Вчера же, уже погодя, успели еще немного поспорить с Устиновым, приватно обсудив и «афганскую западню», и помянуть «полчища» устаревшей танковой техники. А был еще Горшков (сиречь «флот») – со своими «дорогущими игрушками». А еще «концепты будущего» – те перспективные направления в области вооружений, о которых рассказали «попаданцы» и которые требовали непременной реализации. Здесь хоть одно радовало – многое из этого сейчас уже существует в разработках и проектных стапелях профильных конструкторских бюро страны.
«Государственный корабль – махина и без того инертная, но с такими темпами… если мы здесь, на высшем уровне столь неповоротливы, что же будет звеном ниже? Бюрократическая машина попросту утопит в своем сером болоте все начинания, все наболевшие преобразования», – от этих мыслей Юрий Владимирович совсем расстроился. Взглянув на часы, с сожалением отложил работу – время подходило к другому распорядку, да и Крючков в предварительном звонке уведомил о некой срочности.
Терпеливо ожидающий в приемной первый помощник, войдя по звонку, буквально с порога озвучил:
– Вы просили информировать сразу, но простите, в поздний час не хотел вас излишне беспокоить. Вчера Щелоков снова приезжал к Старику на дачу.
– О чем разговаривали, конечно, узнать не удалось?
– Никак нет. Однако гостил он там совсем недолго.
– Зачастили, – Андропов, ворча, поднялся из-за стола. Подошел к окну, чуть сдвинув штору, впустив немного пасмурной осени в помещение. – Надеюсь, Леня будет соблюдать договоренность и ничего лишнего никому не скажет.
– «Наружка» никаких странностей не заметила. Отбыв из Заречья
[78], Щелоков заехал ненадолго к себе в министерство. Находился там не более двадцати минут. Затем отправился домой. Что вполне естественно – время было к позднему вечеру. По линии МВД никаких экстраординарных распоряжений не зафиксировали. Но от Старика уезжал, докладывают, хмурым, если не совсем раздраженным.
– Думаешь, снова предлагал?
– Наверняка. И наверняка получил отказ.
«Старик» – под таким рабочим псевдонимом в оперативных документах КГБ теперь проходил Брежнев.
Андропов, несмотря на то что сам в возрастной эстафете буквально наступал на пятки «бывшему», принимал такую постановку дела даже не поморщившись – подобная классификация вполне укладывалось в рамки профессиональной этики «конторы».
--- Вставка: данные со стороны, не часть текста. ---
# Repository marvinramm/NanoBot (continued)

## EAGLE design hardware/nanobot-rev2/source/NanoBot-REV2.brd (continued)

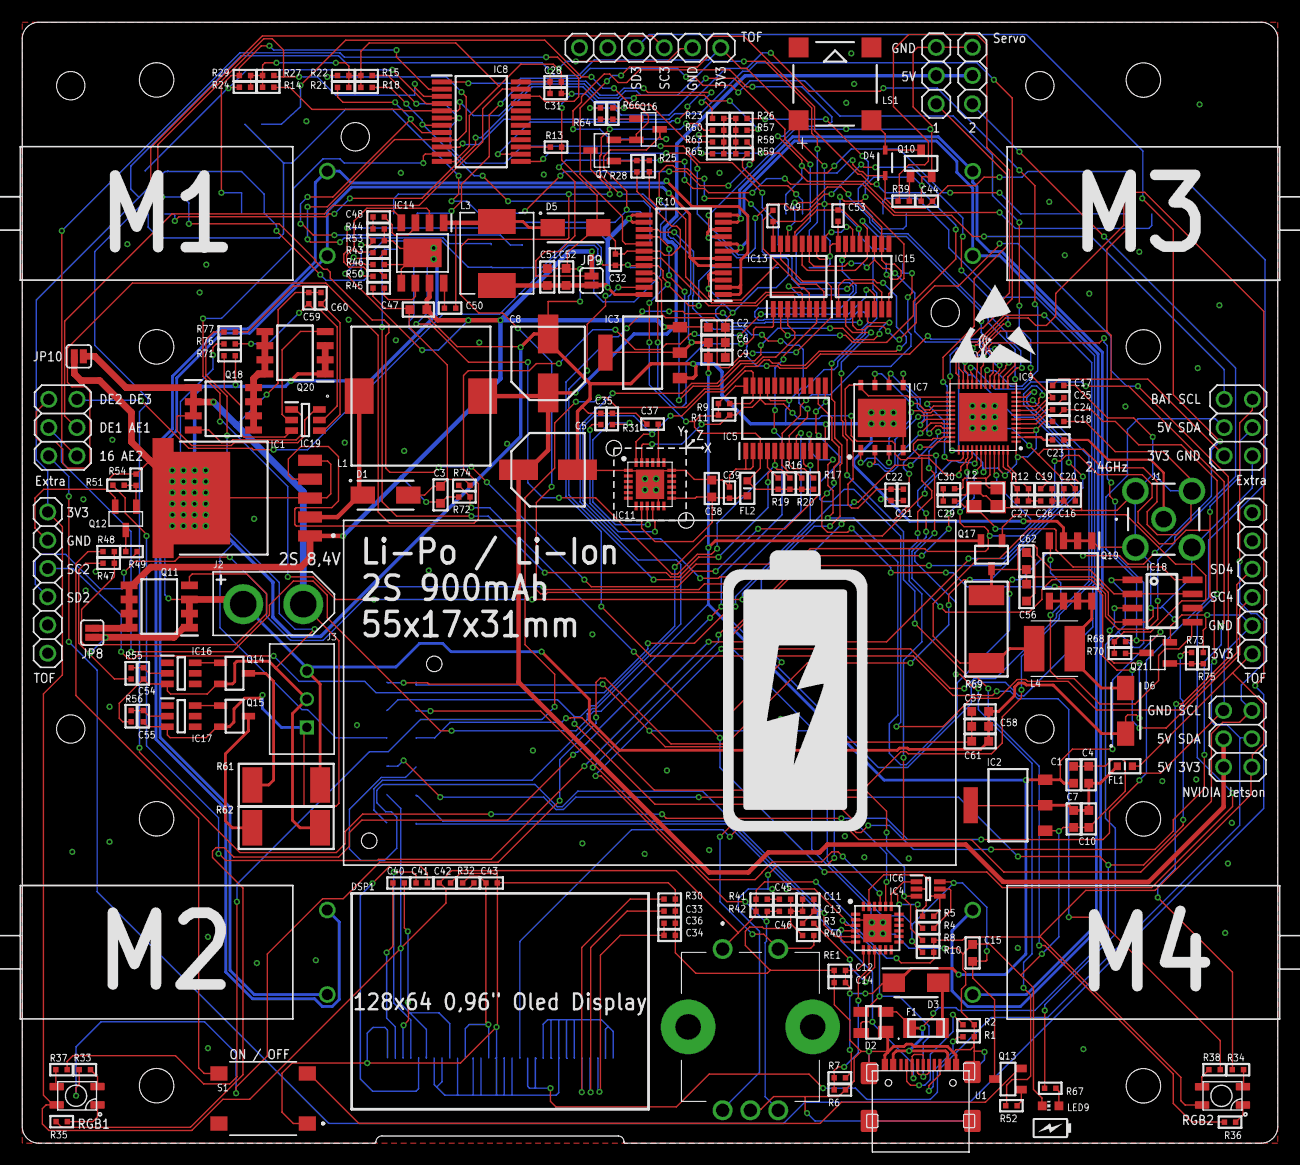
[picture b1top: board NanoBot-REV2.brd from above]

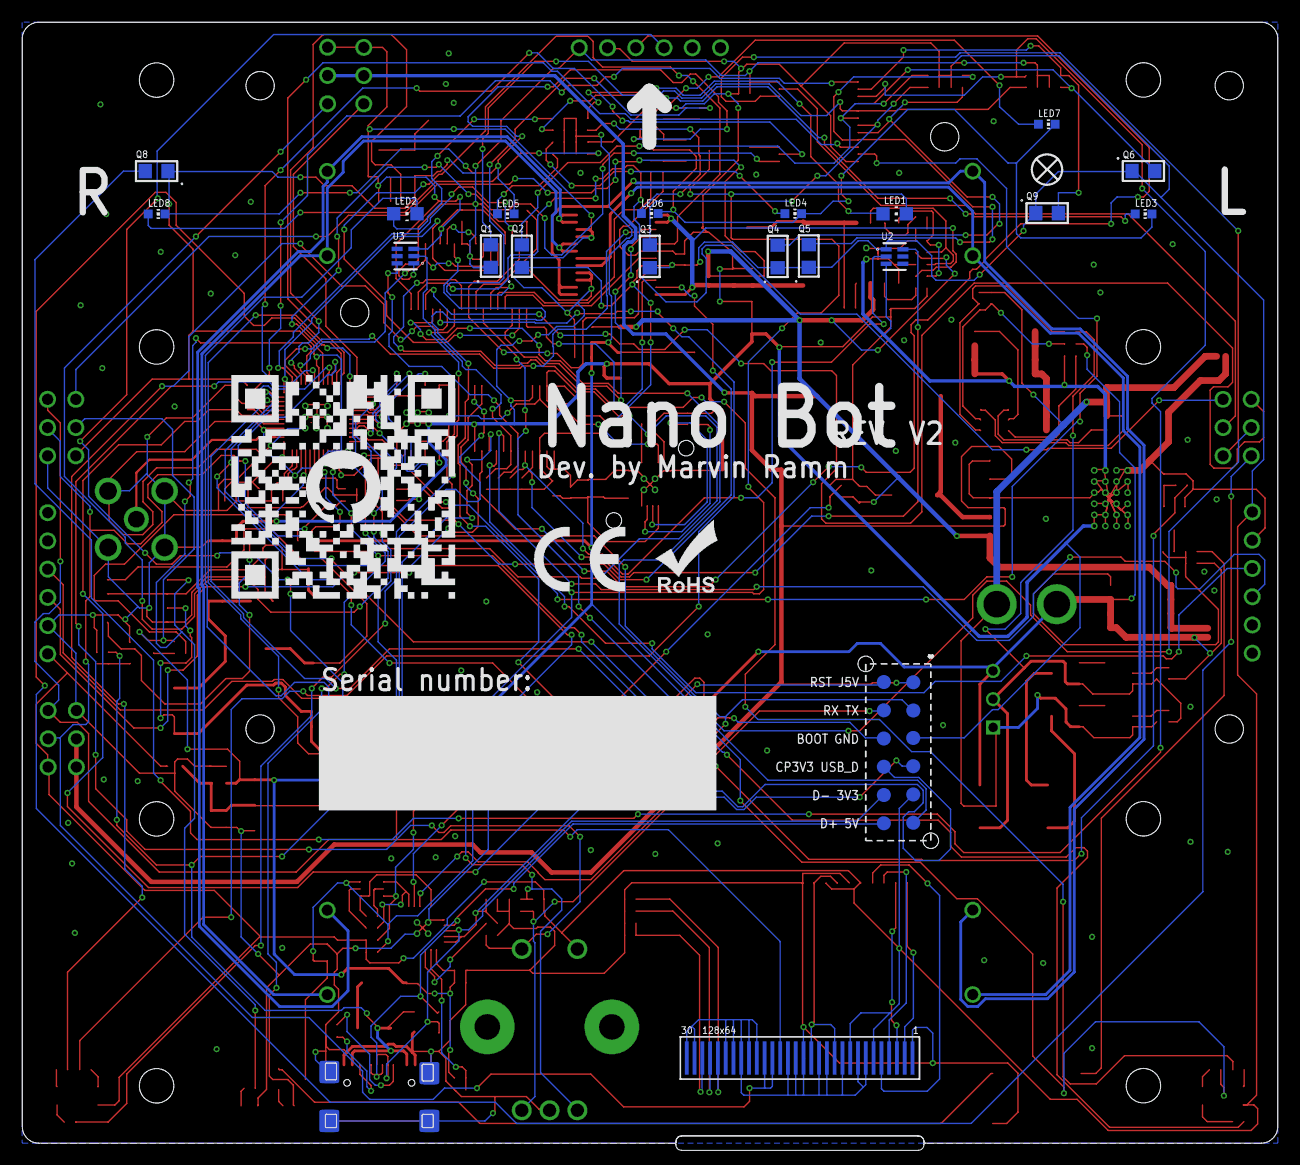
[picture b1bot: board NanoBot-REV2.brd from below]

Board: 2 copper layers, 112.9 x 100.8 mm, 240 parts (31 on the bottom side), 173 nets.

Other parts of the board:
U$3: JETSON_NANO

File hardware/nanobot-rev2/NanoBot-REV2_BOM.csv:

designators,description,manufacturer_part,lcsc_part,qty_per_board,link
U1,USB Connector,TYPE-C-31-M-31,C2760486,1,https://www.lcsc.com/product-detail/USB-Connectors_Korean-Hr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
F1,6V 1.5A 100A 3A 1206 Resettable Fuse,TLC-NSMD150,C261956,1,https://www.lcsc.com/product-detail/Resettable-Fuses_span-st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
D3,30V 550mV@5A 5A DO-221AC Schottky Barrier Diode,SK53AFL-TP,C780074,1,
D2,ESD protection,SP0503BAHTG,C7074,1,https://www.lcsc.com/product-detail/TVS_Littelfuse-SP0503BAH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
IC2,Linear Voltage Regulators 1A 60dB@(120Hz),AMS1117-3.3,C347222,1,https://www.lcsc.com/product-detail/Linear-Voltage-Regulator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
"FL1, FL2",50mΩ ±25% 120Ω@100MHz 0603 Ferrite Beads ROHS,BLM18PG121SN1D,C14709,2,https://www.lcsc.com/product-detail/Ferrite-Beads_Murata-Ele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
IC3,1.4A Fixed 5V~5V Positive 18V SOT-223 Linear Voltage Regulators (LDO) ROHS,AMS1117-5.0,C473812,1,https://www.lcsc.com/product-detail/Linear-Voltage-Regulator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
"D1, D5, D6",40V Single 500mV@3A 3A SMA(DO-214AC) Schottky Barrier Diodes (SBD) ROHS,SS34A,C2886580,3,https://www.lcsc.com/product-detail/Schottky-Barrier-Diodes-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
IC1,TO-263-5 DC-DC Converters ROHS,LM2576S-5.0,C2920854,1,https://www.lcsc.com/product-detail/DC-DC-Converters_Minos-L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
IC5,TSSOP-24 Signal Switches / Encoders & Decoders / Multiplexers ROHS,TCA9548APWR,C130026,1,https://www.lcsc.com/product-detail/Signal-Switches-Encoders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
L1,"1.9A 100uH ±20% SMD,12.5x12.5mm Power Inductors ROHS",SLF12575T-101M1R9-PF,C81470,1,https://www.lcsc.com/product-detail/Power-Inductors_TDK-SLF1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
IC4,QFN-24-EP(4x4) USB ICs ROHS,CP2102N-A02-GQFN24R,C969151,1,https://www.lcsc.com/product-detail/USB-ICs_SILICON-LABS-CP2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
IC6,"40V 150mW 100@10mA,1V 200mA 2 NPN SC-88 Bipolar Transistors - BJT ROHS",LMBT3904DW1T1G,C131781,1,https://www.lcsc.com/product-detail/Bipolar-Transistors-BJT_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
IC8,SSOP-24-208mil Analog Switches / Multiplexers ROHS,CD74HC4067SM96,C98457,1,https://www.lcsc.com/product-detail/Analog-Switches-Multiple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
IC7,WSON-8-EP(5x6) NOR FLASH ROHS,W25Q128JVPIQ,C2803379,1,https://www.lcsc.com/product-detail/NOR-FLASH_Winbond-Elec-W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
J1,1 Inner bore SMA Board Edge Positive foot 6GHz -65℃~+165℃ 50Ω 6.35mm Plugin RF Connectors / Coaxial Connectors ROHS,5-1814832-2,C482015,1,https://www.lcsc.com/product-detail/RF-Connectors-Coaxial-Co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
IC9,QFN-48-EP(6x6) RF Transceiver ICs ROHS,ESP32-D0WDQ6,C129733,1,https://www.lcsc.com/product-detail/RF-Transceiver-ICs_Espre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
L2,40MHz 12pF ±10ppm SMD3225-4P Crystals ROHS,S3240000121040,C426989,1,https://www.lcsc.com/product-detail/Crystals_JGHC-S324000012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
"Q1, Q2, Q3, Q4, Q5, Q6, Q8, Q9",20mA NPN 30V 100nA 940nm 0805 Phototransistors ROHS,PT17-21C/L41/TR8,C100090,8,https://www.lcsc.com/product-detail/Phototransistors_Everlig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
"U2, U3",Ambient Light Sensors ROHS,TCS34725FN,C2649487,2,https://www.lcsc.com/product-detail/Ambient-Light-Sensors_Ad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
"Q7, Q12, Q16, Q21","20V 2.9A 57mΩ@4.5V,3.6A 710mW N Channel SOT-23 MOSFETs ROHS",SI2302DDS-T1-GE3,C194092,4,https://www.lcsc.com/product-detail/MOSFETs_Vishay-Intertech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
"LED1, LED2",2600K~3200K White light 80mW 0805 Light Emitting Diodes (LED) ROHS,BZ-C0805-W2-E1,C2833071,2,https://www.lcsc.com/product-detail/Light-Emitting-Diodes-LE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
IC10,1A Brush DC Motor 2.7V~5.5V Parallel SSOP-24 Motor Driver ICs ROHS,"TB6612FNG,C,8,EL",C141517,1,https://www.lcsc.com/product-detail/Motor-Driver-ICs_TOSHIBA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
IC11,QFN-24-EP(4x4) Attitude Sensor/Gyroscope ROHS,MPU-6050,C24112,1,https://www.lcsc.com/product-detail/Attitude-Sensor-Gyroscop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
RE1,Plugin Rotary Encoders ROHS,PEC12R-4120F-S0012,C143801,1,https://www.lcsc.com/product-detail/Rotary-Encoders_BOURNS-P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
LS1,"Externally Driven 85dB@3.6V,10cm Magnetic 3.6V 2731Hz SMD,7.5x7.5mm Buzzers ROHS",KLJ-7525-3627,C189208,1,https://www.lcsc.com/product-detail/Buzzers_KELIKING-KLJ-752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
D4,100V 400mW Single 1.25V@150mA 8ns 300mA SOD-323 Switching Diode ROHS,1N4148WS,C917117,1,https://www.lcsc.com/product-detail/Switching-Diode_JSMSEMI-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
"Q10, Q13","40V 200mW 100@10mA,1V 200mA NPN SOT-23 Bipolar Transistors - BJT ROHS",MMBT3904,C181119,2,https://www.lcsc.com/product-detail/Bipolar-Transistors-BJT_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
"IC13, IC15",2V~6V TSSOP-16 Shifting Register ROHS,"74HC595PW,118",C5948,2,https://www.lcsc.com/product-detail/Shifting-Register_Nexper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
Q11,SOP-8 MOSFETs ROHS,IRF7416TRPBF,C5350823,1,https://www.lcsc.com/product-detail/MOSFETs_TECH-PUBLIC-IRF7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
S1,"50mA SPST 24V SMD-4P,6x6.6mm Tactile Switches ROHS",B3S-1002P,C271751,1,https://www.lcsc.com/product-detail/Tactile-Switches_Omron-E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
IC14,,MP1584EN-LF-Z,,1,
L3,"8.8A 4.7uH ±20% 8.8A 20.8mΩ SMD,6.6x7.3mm Inductors (SMD) ROHS",MDA7050-4R7M,C2847541,1,https://www.lcsc.com/product-detail/Inductors-SMD_KOHERelec-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
"LED3, LED4, LED5, LED6, LED7, LED8",White light 100mW 0603 Light Emitting Diodes (LED) ROHS,SZYY0603W,C434422,6,https://www.lcsc.com/product-detail/Light-Emitting-Diodes-LE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
"Q14, Q15","20V 2.5A 1000mW 55mΩ@4.5V,3.6A N Channel SOT-23 MOSFETs ROHS",FSS2302S,C2926140,2,https://www.lcsc.com/product-detail/MOSFETs_FOSAN-FSS2302S_C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
"IC16, IC17",SOT-23-6 Battery Management ICs ROHS,HY2213-BB3A,C113632,2,https://www.lcsc.com/product-detail/Battery-Management-ICs_H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
J2,Power Connectors ROHS,XT30U-M,C99101,1,https://www.lcsc.com/product-detail/Power-Connectors_Changzh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
"Q18, Q20, Q19","30V 13A 3.1W 11.5mΩ@10V,12A N Channel SOIC-8 MOSFETs ROHS",AO4406AL,C35349,3,https://www.lcsc.com/product-detail/MOSFETs_Alpha-Omega-Semi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
IC19,SOT-23-6 Battery Management ICs ROHS,HY2120-CB,C116509,1,https://www.lcsc.com/product-detail/Battery-Management-ICs_H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
Q17,SOT-23-3L MOSFETs ROHS,AO3407A,C5379096,1,https://www.lcsc.com/product-detail/MOSFETs_MSKSEMI-AO3407A_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
L4,"1.6A 10uH ±20% 2A 106mΩ SMD,5x5mm Inductors (SMD) ROHS",LQH5BPB100MT0L,C521243,1,https://www.lcsc.com/product-detail/Inductors-SMD_Murata-Ele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
IC18,SOP-8 Battery Management ICs ROHS,CN3302,C559039,1,https://www.lcsc.com/product-detail/Battery-Management-ICs_S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
LED9,red led 0603,,,1,
"R1, R2, R14, R15, R18, R21, R22, R24, R27",5.1kΩ 0402,,,9,
"R9, R11, R4, R5, R10, R8, R13, R19, R16, R20, R17, R31, R32, R40, R41, R42, R50",10kΩ 0402,,,17,
"R3, R29, R33, R35, R37, R34, R36, R38, R71, R67",2.2kΩ 0402,,,10,
R7,22kΩ 0402,,,1,
R6,33kΩ 0402,,,1,
R12,20kΩ 0402,,,1,
"R23, R26, R57, R58, R59, R60, R63, R65, R55, R56",100Ω 0402,,,10,
"R25, R39, R48, R49, R51, R52, R64, R70, R73",1kΩ 0402,,,9,
"R28, R47, R54, R46, R43, R44, R45, R66, R72, R68, R75",100kΩ 0402,,,11,
R30,390kΩ 0402,,,1,
R53,75kΩ 0402,,,1,
"R61, R62",62Ω 2512,,,2,
"R76, R77",330Ω 0402,,,2,
R74,64.9kΩ 0402,,,1,
R69,0.1Ω 2512,,,1,
"C1, C2",4.7uF 0603 16V,,,2,
"C4, C7, C10, C6, C9, C3, C15, C38, C47, C51, C52, C62, C56, C57, C58, C61",10uF 0603 16V,,,16,
"C5, C8","150uF 16V ±20% SMD,D6.3xL7.7mm Aluminum Electrolytic Capacitors - SMD ROHS",UUD1C151MCL1GS,C445270,2,https://www.lcsc.com/product-detail/Aluminum-Electrolytic-Ca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
"C11, C12, C28, C22, C17, C19, C18, C20, C32, C35, C49, C53, C50, C54, C55, C59, C60",0.1uF 0402 16V,,,17,
"C13, C14",4.7uF 0402 6.3V,,,2,
"C29, C30",12pF 0402,,,2,
C27,3nF 0402,,,1,
"C26, C37, C45, C46",10nF 0402,,,4,
C23,5.6pF 0402,,,1,
"C24, C25",270pF 0420,,,2,
"C21, C31, C39, C33, C34, C36, C40, C41, C42, C43, C44",1uF 0402 16V,,,11,
"C16, C48",100pF 0402,,,2,

А Леонид Ильич оказался крепким стариком – перенеся инсульт, достаточно быстро оклемался, через трое суток уже фактически встав на ноги. Узнав о произошедшей смене власти, явно расстроился:
– А я Щербицкого на свое место прочил
[79].
Однако отыграть столь генеральную кадровую перестановку обратно уже не предусматривалось. Во всяком случае, медики по первым дням поостереглись везти больного даже в стационар, не говоря о каких-то посещениях Политбюро.
Всякие разговорчики-шепотки среди аппаратчиков, естественно, ходили. Верный брежневец председатель Совмина Тихонов
[80] неосторожно оговорился:
– Рано списали Ильича!
Этот момент был зафиксирован… и доложен. Что Андропов в узком кругу прокомментировал сравнительно лояльно:
– А чего еще было от этой «днепропетровской» братии ожидать!
[81]
Но эта лояльность являлась, конечно, видимой. «Приговор» для неугодных, можно сказать, уже был подписан. Дело лишь во времени и некой тактической паузе – в первые месяцы правления нового генсека замена кадров не выходила за рамки командно-административного регламента.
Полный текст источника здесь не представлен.